If you’re a church communicator reading this, you may conclude, “That’s for businesses. In the church world, we’re not about ‘economic engines’ or profits; we have to serve many different people in many different ways.” Does this mean that there is no place for focused strengths within a church? Sadly, in fact, many church communicators’ programs suffer from a severe lack of focus. The results are lackluster–that is, if they even measure results at all.

SiteOrganic helps churches across the country with their church Web sites and overall online ministries. Much of their focus is on strategy. In a recent survey, SiteOrganic found that 53% of church Web site managers are operating with no strategy or focus. Another 40% said they had a strategy, but it was imperfect or out-of-date. For these churches, the hedgehog principle yields to the scattershot principle.
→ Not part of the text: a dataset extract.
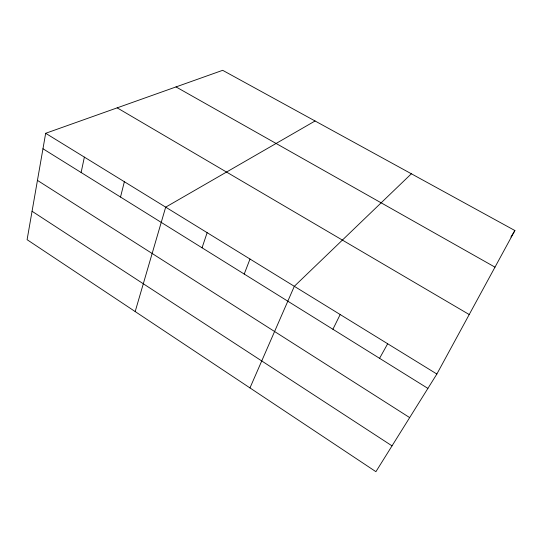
<?xml version="1.0" encoding="UTF-8"?>
<svg xmlns="http://www.w3.org/2000/svg" width="542" height="542" viewBox="0 0 542 542"><rect width="100%" height="100%" fill="white"/><g stroke="black" fill="none" stroke-linecap="round" stroke-linejoin="round"><path stroke-width="0.81" d="M45.664 133.298L27.1 239.686L375.911 471.682L436.866 374.027L514.9 230.546L222.667 70.318L45.664 133.298L436.866 374.027M81.124 172.519L84.369 157.119M120.527 197.051L124.355 181.726M135.182 311.575L165.683 207.152L315.071 120.981M202.051 247.802L207.139 232.667M244.225 274.056L249.998 259.035M249.964 387.916L294.313 286.312L411.364 173.779M332.91 329.265L340.18 314.529M379.576 358.316L387.666 343.757M510.916 237.03L514.9 230.546M176.014 86.916L494.988 267.152M117.174 107.851L469.223 314.543M42.96 148.759L427.895 388.397M37.445 180.384L409.671 417.597M32.059 211.258L392.029 445.863"/></g></svg>

Mapping the 3 hedgehog circles to church communications

1. Passion

What is the heart of your church?

It should be clearly stated in the vision statement for the organization. Everyone on the communications team should live and breathe this vision, internalize it, and see it manifest in everything that they do. 

If we’re contemplating a new communications opportunity but it doesn’t clearly map to our vision, then we aren’t doing it.